Me llevó hasta la cama sin romper el beso. Cuando me depositó sobre las sábanas, se quedó de pie, mirándome con una intensidad insoportable. Sus dedos recorrieron el borde de mi blusa, pero se detuvieron.

—Dime que lo quieres —murmuró, como si luchara contra cadenas invisibles.

Lo miré, temblando. Parte de mí gritaba que huyera. Pero la otra, la que ardía desde que lo conocí, susurraba que ese momento era inevitable.

—Lo quiero —confesé, con la voz rota.

Su control se quebró. La ropa cayó entre caricias urgentes, besos que dejaban marcas, manos que exploraban con la devoción de un adorador y la posesión de un Alfa. Cada roce era un incendio, cada gemido un recordatorio de que mi cuerpo lo reconocía antes que mi mente.

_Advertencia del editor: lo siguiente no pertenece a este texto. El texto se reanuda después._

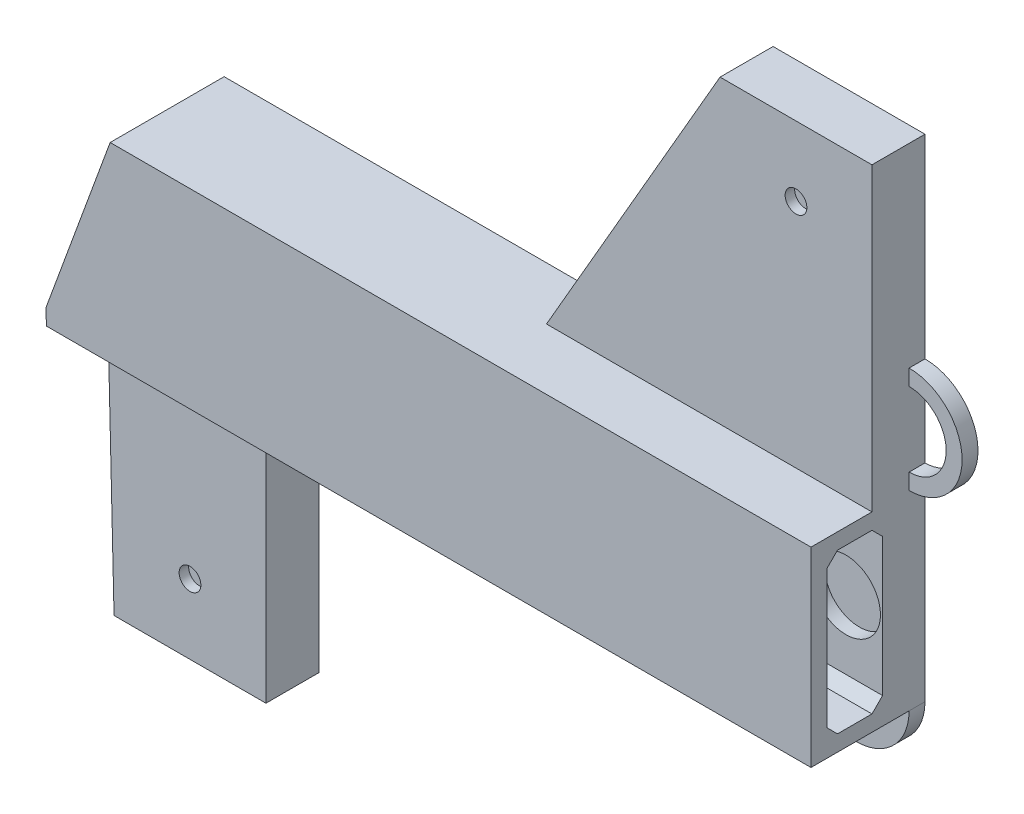
SolidWorks part; units mm, degrees
note: The reader was unsure of these and kept them because the rebuilt part matched: shared geometry of "Sketch3<4>", "Sketch3<8>", "Sketch3<9>".
ref_plane "Front Plane" through (0, 0, 0) normal (0, 0, 1) x (1, 0, 0)
ref_plane "Top Plane" through (0, 0, 0) normal (0, 1, 0) x (1, 0, 0)
ref_plane "Right Plane" through (0, 0, 0) normal (1, 0, 0) x (0, 0, -1)
sketch "Sketch1" plane through (0, 0, 0) normal (0, 0, 1) x (1, 0, 0)
  line L0 (-315, 0) -> (315, 0)
  line L1 (-285.1688, 41.9) -> (-262.5188, 41.9)
  line L2 (-285.1688, 41.9) -> (-285.1688, 21.6)
  line L3 (-285.1688, 21.6) -> (-262.5188, 21.6)
  line L4 (-262.5188, 41.9) -> (-262.5188, 21.6)
  line L5 (262.5187, 41.9) -> (285.1687, 41.9)
  line L6 (262.5187, 41.9) -> (262.5187, 21.6)
  line L7 (262.5187, 21.6) -> (285.1687, 21.6)
  line L8 (285.1687, 41.9) -> (285.1687, 21.6)
  line L9 (-170.8687, 160.7) -> (-148.2188, 160.7)
  line L10 (-170.8687, 160.7) -> (-170.8687, 140.4)
  line L11 (-170.8687, 140.4) -> (-148.2188, 140.4)
  line L12 (-148.2188, 160.7) -> (-148.2188, 140.4)
  line L13 (148.2188, 160.7) -> (170.8688, 160.7)
  line L14 (148.2188, 160.7) -> (148.2188, 140.4)
  line L15 (148.2188, 140.4) -> (170.8688, 140.4)
  line L16 (170.8688, 160.7) -> (170.8688, 140.4)
  line L17 (-273.8438, 31.75) -> (273.8438, 31.75)
  line L18 (-159.5437, 150.55) -> (159.5437, 150.55)
  line L19 (315, 0) -> (315, 30.6)
  line L20 (-248.5188, 79.7) -> (-214.0187, 79.7)
  line L21 (-248.5188, 79.7) -> (-248.5188, 44.9)
  line L22 (-248.5188, 44.9) -> (-214.0187, 44.9)
  line L23 (-214.0187, 79.7) -> (-214.0187, 44.9)
  line L24 (-189.0187, 88.6) -> (-129.3687, 88.6)
  line L25 (-189.0187, 88.6) -> (-189.0187, 48.9)
  line L26 (-189.0187, 48.9) -> (-129.3687, 48.9)
  line L27 (-129.3687, 88.6) -> (-129.3687, 48.9)
  line L28 (-8.5687, 81.6) -> (61.1313, 81.6)
  line L29 (-8.5687, 81.6) -> (-8.5687, 46.9)
  line L30 (-8.5687, 46.9) -> (61.1313, 46.9)
  line L31 (61.1313, 81.6) -> (61.1313, 46.9)
  line L32 (315, 30.6) -> (254, 197)
  line L33 (254, 197) -> (-254, 197)
  line L34 (-254, 197) -> (-315, 30.6)
  line L35 (-315, 30.6) -> (-315, 0)
  line L36 (-315, 4.4515) -> (-244.4143, 197)
  circle A0 centre (-273.8438, 31.75) radius 2.05
  circle A1 centre (273.8438, 31.75) radius 2.05
  circle A2 centre (-159.5437, 150.55) radius 2.05
  circle A3 centre (159.5437, 150.55) radius 2.05
  circle A4 centre (-195.5187, 59.9) radius 2.05
  point P6 (0, 0)
  point P7 (-273.8438, 41.9)
  point P9 (-262.5187, 31.75)
  point P18 (273.8438, 41.9)
  point P19 (285.1688, 31.75)
  point P26 (-159.5437, 160.7)
  point P27 (-148.2188, 150.55)
  point P34 (159.5437, 160.7)
  point P35 (170.8687, 150.55)
  point P36 (0, 31.75)
  point P37 (0, 150.55)
  point P57 (0, 197)
  dimension "D3" = 4.1
  dimension "D7" = 4.1
  dimension "D10" = 4.1
  dimension "D13" = 4.1
  dimension "D18" = 4.1
  dimension "D1" = 22.65
  dimension "D2" = 20.3
  dimension "D4" = 630
  dimension "D5" = 22.65
  dimension "D6" = 20.3
  dimension "D8" = 22.65
  dimension "D9" = 20.3
  dimension "D11" = 22.65
  dimension "D12" = 20.3
  dimension "D14" = 547.6875
  dimension "D15" = 31.75
  dimension "D16" = 98.5
  dimension "D17" = 319.0875
  dimension "D19" = 6.5
  dimension "D20" = 69.7
  dimension "D21" = 34.7
  dimension "D22" = 59.65
  dimension "D23" = 39.7
  dimension "D24" = 34.5
  dimension "D25" = 34.8
  dimension "D26" = 14
  dimension "D27" = 3
  dimension "D28" = 25
  dimension "D29" = 4
  dimension "D30" = 11
  dimension "D31" = 120.8
  dimension "D32" = 2
  dimension "D33" = 30.6
  dimension "D34" = 508
  dimension "D35" = 36.3
  dimension "D36" = 197
  dimension "D37" = 9
sketch "Sketch2" plane through (0, 0, 0) normal (0, 0, 1) x (1, 0, 0)
  line L0 (-315, 0) -> (315, 0) construction
  line L1 (-375, 104) -> (375, 104)
  line L2 (-375, 104) -> (-375, 74)
  line L3 (-375, 74) -> (375, 74)
  line L4 (375, 104) -> (375, 74)
  line L6 (-315, 30.6) -> (-315, 0) construction
  line L7 (315, 0) -> (315, 30.6) construction
  dimension "D1" = 74
  dimension "D2" = 30
  dimension "D3" = 60
  dimension "D4" = 60
sketch "Sketch5" plane through (-8.3611, 207.407, 0) normal (0, 0, 1) x (0.7071, 0.7071, 0)
  line L1 (-608.5386, 190.157) -> (-388.5386, 190.157)
  line L2 (-608.5386, 190.157) -> (-608.5386, -29.843)
  line L3 (-608.5386, -29.843) -> (-388.5386, -29.843)
  line L4 (-388.5386, 190.157) -> (-388.5386, -29.843)
  dimension "D1" = 220
  dimension "D2" = 220
sketch "Sketch3" plane through (0, 0, 0) normal (0, 0, 1) x (1, 0, 0)
  line L0 (-148.2188, 160.7) -> (-148.2188, 140.4) construction
  line L1 (-288.1688, 18.6) -> (-145.2188, 18.6)
  line L2 (-288.1688, 18.6) -> (-288.1688, 163.7)
  line L3 (-288.1688, 163.7) -> (-145.2188, 163.7)
  line L4 (-145.2188, 18.6) -> (-145.2188, 163.7)
  line L5 (-170.8687, 160.7) -> (-148.2188, 160.7) construction
  line L6 (-285.1688, 21.6) -> (-262.5188, 21.6) construction
  line L7 (-285.1688, 41.9) -> (-285.1688, 21.6) construction
  line L8 (-288.1688, 18.6) -> (-289.5045, 74)
  line L9 (-315, 4.4515) -> (-244.4143, 197) construction
  line L10 (-375, 74) -> (375, 74) construction
  line L11 (-289.5045, 74) -> (-256.6217, 163.7)
  line L12 (-173.8687, 163.7) -> (-206.6045, 107)
  line L13 (-285.1688, 21.6) -> (-262.5188, 21.6)
  line L14 (-285.1688, 21.6) -> (-285.1688, 41.9)
  line L15 (-285.1688, 41.9) -> (-262.5188, 41.9)
  line L16 (-262.5188, 21.6) -> (-262.5188, 41.9)
  line L17 (-148.2188, 160.7) -> (-170.8687, 160.7)
  line L18 (-148.2188, 160.7) -> (-148.2188, 140.4)
  line L19 (-148.2188, 140.4) -> (-170.8687, 140.4)
  line L20 (-170.8687, 160.7) -> (-170.8687, 140.4)
  line L21 (-206.6045, 107) -> (-277.4071, 107)
  line L22 (-375, 104) -> (375, 104) construction
  line L23 (-259.5188, 18.6) -> (-259.5188, 71)
  line L24 (-259.5188, 71) -> (-145.2188, 71)
  line L25 (-259.5188, 71) -> (-289.4321, 71)
  line L26 (-206.6045, 107) -> (-145.2188, 107)
  circle A0 centre (-159.5437, 150.55) radius 2.05
  circle A1 centre (-273.8438, 31.75) radius 2.05
  dimension "D1" = 3
  dimension "D2" = 3
  dimension "D3" = 3
  dimension "D4" = 3
  dimension "D5" = 3
  dimension "D6" = 120
  dimension "D7" = 3
  dimension "D8" = 3
  dimension "D9" = 3
extrude "Boss-Extrude1" add sketch "Sketch3" against normal blind 8 contours L23 L24 L4 L3 L12 L21 L11 L2 L1 L20 L17 L18 L19 L16 L13 L14 L15 | L25 L2 L11 L8 | L2 L25 L8 | L23 L25 L2 L1 L16 L13 L14 L15 | L12 L26 L4 L3 L20 L17 L18 L19
extrude "Boss-Extrude2" add sketch "Sketch3<4>" along normal blind 2 separate body contours L17 L20 L19 L18 A0 | L13 L16 L15 L14 A1 | L23 L25 L2 L1 L16 L13 L14 L15 | L2 L25 L8 | L25 L2 L11 L8 | L25 L24 L4 L3 L12 L21 L11 L2 L20 L17 L18 L19 | L26 L21 L11 L2 L25 L24 L4
sketch "Sketch3<4>" plane through (0, 0, 0) normal (0, 0, 1) x (1, 0, 0) same geometry as "Sketch3"
extrude "Boss-Extrude3" add sketch "Sketch3<8>" along normal blind 13.5 contours L26 L21 L11 L2 L25 L24 L4 | L25 L2 L11 L8
sketch "Sketch3<8>" plane through (0, 0, 0) normal (0, 0, 1) x (1, 0, 0) same geometry as "Sketch3"
sketch "Sketch4" plane through (-145.2188, 0, 0) normal (1, 0, 0) x (0, 0, -1)
  line L0 (-13.5, 71) -> (-13.5, 107) construction
  line L1 (-10.5, 74) -> (0, 74)
  line L2 (-10.5, 74) -> (-10.5, 104)
  line L3 (-10.5, 104) -> (0, 104)
  line L4 (0, 74) -> (0, 104)
  line L5 (0, 4.4515) -> (0, 197) construction
  line L6 (8, 71) -> (-13.5, 71) construction
  line L7 (-13.5, 107) -> (-2, 107) construction
  dimension "D1" = 3
  dimension "D2" = 0
  dimension "D3" = 3
  dimension "D4" = 3
  dimension "D5" = 10.5
  dimension "D6" = 30
extrude "Cut-Extrude1" cut sketch "Sketch4" against normal through all
sketch "Sketch6" plane through (0, 0, 0) normal (0, 0, 1) x (1, 0, 0)
  line L1 (-375, 104) -> (-145.2188, 104)
  line L2 (-375, 104) -> (-375, 74)
  line L3 (-375, 74) -> (-145.2188, 74)
  line L4 (-145.2188, 104) -> (-145.2188, 74)
  dimension "D1" = 229.7812
  dimension "D2" = 30
chamfer "Chamfer1" distance 2 angle 45 4 edges at (-217.3616, 74, 10.5) (-217.3616, 74, 0) (-211.8628, 104, 0) (-211.8628, 104, 10.5)
sketch "Sketch7" plane through (0, 0, 0) normal (0, 0, 1) x (1, 0, 0)
  line L0 (-145.2188, 71) -> (-145.2188, 107) construction
  line L1 (-145.2188, 76) -> (-145.2188, 102) construction
  circle A0 centre (-234.2188, 89) radius 6.5
  circle A1 centre (-152.1188, 89) radius 6.5
  point P4 (-145.2188, 89)
  point P11 (-145.6188, 89)
  dimension "D2" = 13
  dimension "D1" = 89
  dimension "D3" = 0.4
extrude "Cut-Extrude3" cut sketch "Sketch7" against normal blind 2.5 contours A1
sketch "Sketch8" plane through (0, 0, -8) normal (0, 0, -1) x (-1, 0, 0)
  circle A0 centre (234.2188, 89) radius 6.5
extrude "Cut-Extrude4" cut sketch "Sketch8" against normal offset from surface (7 mm away) 1 up to face at (-145.6188, 89, 0)
sketch "Sketch9" plane through (0, 0, -8) normal (0, 0, -1) x (-1, 0, 0)
  line L0 (145.2188, 71) -> (289.4321, 71) construction
  line L1 (145.2188, 71) -> (145.2188, 107) construction
  line L2 (165.2188, 71) -> (162.2188, 71)
  line L3 (148.2188, 71) -> (145.2188, 71)
  line L4 (145.2188, 107) -> (145.2188, 163.7) construction
  line L5 (145.2188, 127) -> (145.2188, 124)
  line L6 (145.2188, 110) -> (145.2188, 107)
  circle A0 centre (155.2188, 71) radius 10
  circle A1 centre (155.2188, 71) radius 7
  circle A2 centre (145.2188, 117) radius 10
  circle A3 centre (145.2188, 117) radius 7
  line M7 (145.2188, 163.7) -> (145.2188, 71)
  line M8 (145.2188, 71) -> (259.5188, 71)
  dimension "D1" = 20
  dimension "D2" = 3
extrude "Boss-Extrude4" add sketch "Sketch9" against normal blind 3 separate body contours A1 A0 M8 | A3 A2 M7
extrude "Boss-Extrude5" add sketch "Sketch3<9>" along normal blind 0.2 contours A0 | A1
sketch "Sketch3<9>" plane through (0, 0, 0) normal (0, 0, 1) x (1, 0, 0) same geometry as "Sketch3"
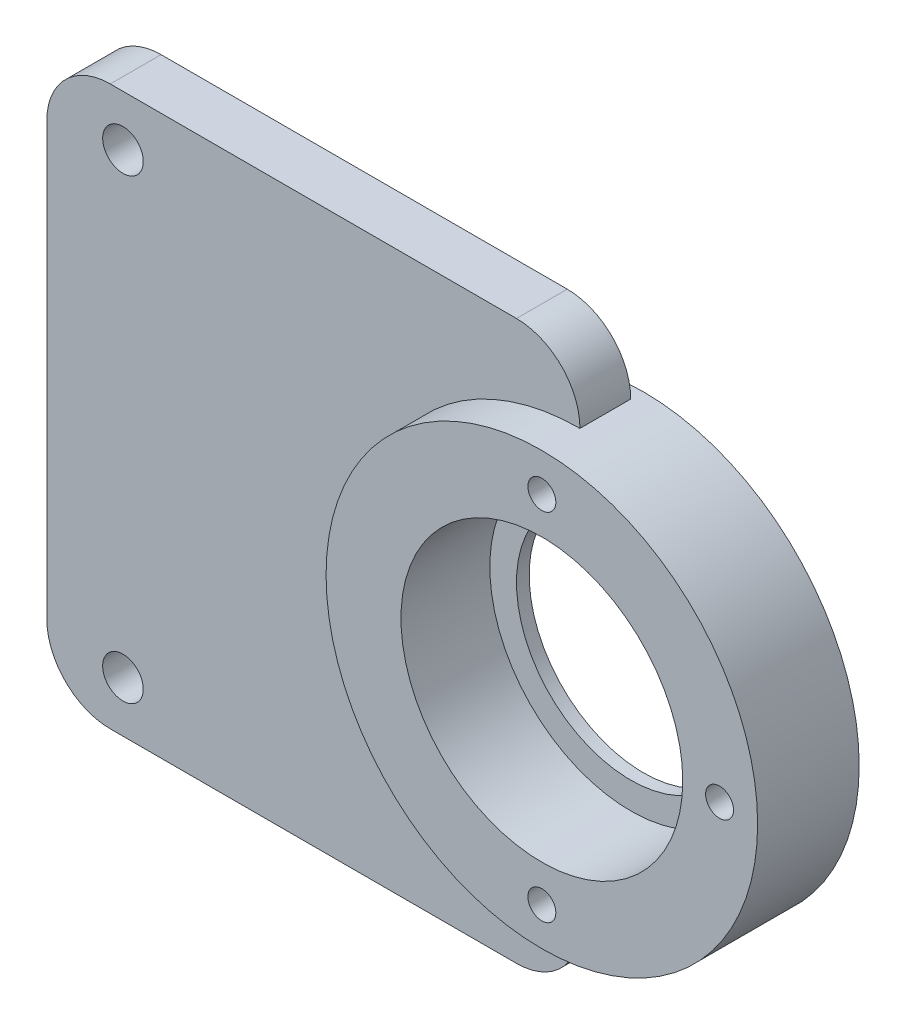
SolidWorks part; units mm, degrees
ref_plane "Front Plane" through (0, 0, 0) normal (0, 0, 1) x (1, 0, 0)
ref_plane "Top Plane" through (0, 0, 0) normal (0, 1, 0) x (1, 0, 0)
ref_plane "Right Plane" through (0, 0, 0) normal (1, 0, 0) x (0, 0, -1)
sketch "Bearing_housing_profile" plane through (0, 0, 0) normal (0, 0, 1) x (1, 0, 0)
  circle A0 centre (0, 0) radius 17
  circle A1 centre (0, 0) radius 11.1
  dimension "D1" = 34
  dimension "D2" = 22.2
extrude "Bearing_housing" add sketch "Bearing_housing_profile" along normal blind 7
sketch "Mounting_web_profile" plane through (0, 0, 0) normal (0, 0, 1) x (1, 0, 0)
  line L1 (-42, -22) -> (0, -22)
  line L2 (-42, -22) -> (-42, 22)
  line L3 (-42, 22) -> (0, 22)
  line L4 (0, -22) -> (0, 22)
  dimension "D1" = 42
  dimension "D2" = 44
  dimension "D3" = 22
extrude "Mounting_web" add sketch "Mounting_web_profile" along normal blind 4
sketch "Bearing_seat_profile" plane through (0, 0, 0) normal (0, 0, 1) x (1, 0, 0)
  circle A0 centre (0, 0) radius 11.1
  dimension "D1" = 22.2
extrude "Bearing_seat" cut sketch "Bearing_seat_profile" along normal through all from offset 50 offset against normal yes
sketch "Inner_outer_race_retaining_lip_profile" plane through (0, 0, 0) normal (0, 0, 1) x (1, 0, 0)
  circle A0 centre (0, 0) radius 17
  circle A1 centre (0, 0) radius 9
  dimension "D1" = 34
  dimension "D2" = 18
extrude "Inner_outer_race_retaining_lip" add sketch "Inner_outer_race_retaining_lip_profile" along normal blind 1 from offset 1 offset against normal yes
sketch "Standoff_fasteners_profile" plane through (0, 0, 0) normal (0, 0, 1) x (1, 0, 0)
  circle A0 centre (-36, -18) radius 1.6
  circle A1 centre (-36, 18) radius 1.6
  dimension "D1" = 3.2
  dimension "D2" = 3.2
  dimension "D3" = 36
  dimension "D4" = 18
  dimension "D5" = 18
extrude "Standoff_fasteners" cut sketch "Standoff_fasteners_profile" along normal through all from offset 50 offset against normal yes
sketch "Bearing_keeper_fasteners_profile" plane through (0, 0, 0) normal (0, 0, 1) x (1, 0, 0)
  circle A0 centre (14, 0) radius 1.1
  circle A1 centre (0, -14) radius 1.1
  circle A2 centre (0, 14) radius 1.1
  dimension "D1" = 2.2
  dimension "D2" = 2.2
  dimension "D3" = 2.2
  dimension "D4" = 14
  dimension "D5" = 14
  dimension "D6" = 14
extrude "Bearing_keeper_fasteners" cut sketch "Bearing_keeper_fasteners_profile" along normal through all from offset 50 offset against normal yes
fillet "Fillet1" radius 5 4 edges at (0, 22, 2) (-42, 22, 2) (-42, -22, 2) (0, -22, 2)
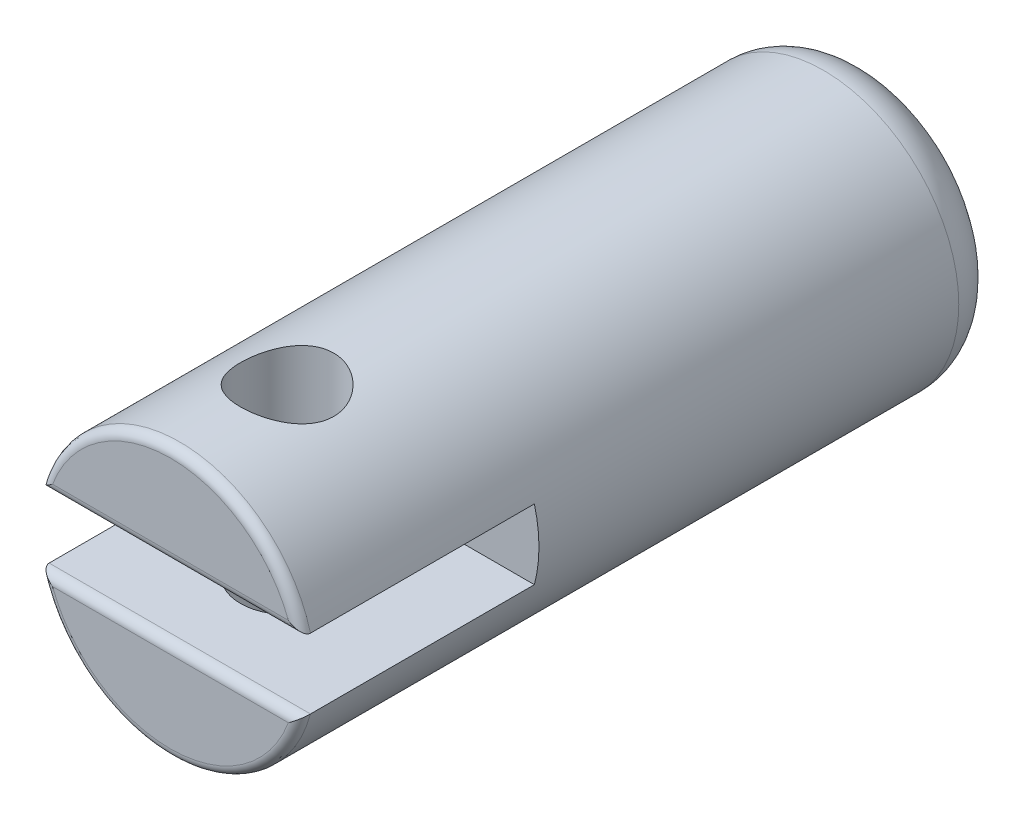
SolidWorks part; units mm, degrees
ref_plane "Front Plane" through (0, 0, 0) normal (0, 0, 1) x (1, 0, 0)
ref_plane "Top Plane" through (0, 0, 0) normal (0, 1, 0) x (1, 0, 0)
ref_plane "Right Plane" through (0, 0, 0) normal (1, 0, 0) x (0, 0, -1)
sketch "Sketch1" plane through (0, 0, 0) normal (0, 0, 1) x (1, 0, 0)
  circle A0 centre (0, 0) radius 2.9
  dimension "D1" = 5.8
extrude "Boss-Extrude1" add sketch "Sketch1" along normal blind 15
fillet "Fillet2" radius 1 1 edges at (2.9, 0, 0)
sketch "Sketch2" plane through (0, 0, 0) normal (0, 1, 0) x (1, 0, 0)
  line L0 (-2.9, -15) -> (2.9, -15) construction
  line L1 (-2.9, -15) -> (2.9, -15)
  line L2 (-2.9, -15) -> (-2.9, -10)
  line L3 (-2.9, -10) -> (2.9, -10)
  line L4 (2.9, -15) -> (2.9, -10)
  line L5 (2.9, -15) -> (2.9, -1) construction
  circle A0 centre (0, -12.5) radius 1
  point P4 (0, -15)
  point P8 (0, 0)
  point P13 (0, -12.7791)
  dimension "D2" = 2
  dimension "D1" = 5
  dimension "D3" = 2.5
extrude "Cut-Extrude1" cut sketch "Sketch2" against normal mid plane 1.5 contours A0 | L1 L4 L3 L2 A0 region at (-2.8234, 0, 12.5) region at (0, 0, 12.5)
extrude "Cut-Extrude2" cut sketch "Sketch2<3>" against normal through all both and the other way through all contours A0 region at (0, 0, 12.5)
sketch "Sketch2<3>" plane through (0, 0, 0) normal (0, 1, 0) x (1, 0, 0) same geometry as "Sketch2"
fillet "Fillet4" radius 0.2 4 edges at (0, -0.75, 15) (0, -2.9, 15) (0, 2.9, 15) (0, 0.75, 15)

Cuando finalmente me tomó, no hubo brutalidad, sino un ritmo que oscilaba entre fuerza y ternura. Como si quisiera grabar en mi piel que era suyo, y al mismo tiempo, temiera romperme.

Me perdí en él. En su boca, en sus manos, en la conexión imposible que ardía entre nosotros. No era solo deseo, era algo más profundo, algo que me hacía sentir completa de una forma que no comprendía.

Al final, exhausta, quedé apoyada contra su pecho. Su respiración era pesada, y su corazón latía como un tambor de guerra.

El silencio se prolongó hasta que su voz lo rompió, ronca, vulnerable:

—Eres mía, Aria. Y lo serás siempre.

No tuve fuerzas para discutir. Cerré los ojos, pero las palabras se me quedaron grabadas en la piel como una marca invisible.

Me desperté horas después, sola en la cama. La sábana aún conservaba su calor, pero él se había ido.

Me incorporé, confundida, cuando escuché voces en el pasillo. Me acerqué a la puerta, entreabriándola lo suficiente para escuchar.

—No es seguro, Dante —decía un hombre, probablemente uno de sus consejeros—. La manada no aceptará a una humana como Luna. Es una debilidad.

—No es humana —respondió Dante, con un tono bajo y feroz—. Aún no lo sabe, pero su sangre lo grita.

Sentí un vértigo extraño. ¿Qué significaba eso?

—¿Y si no sobrevive al despertar? —preguntó el consejero.

Hubo un silencio pesado.

—Entonces moriré con ella —respondió Dante, sin titubear.

Mi corazón se detuvo un instante.

El despertar. Esa palabra resonó en mi cabeza como un eco sin respuesta. Algo dentro de mí se removió, oscuro, latente. Un rugido invisible que parecía esperarme.

Me alejé de la puerta, con las manos temblando. El deseo y el miedo se entrelazaban en mis venas. Sabía que lo que había ocurrido entre nosotros no podía deshacerse. Había cruzado el filo del deseo.

Y ahora, más que nunca, estaba atrapada en él.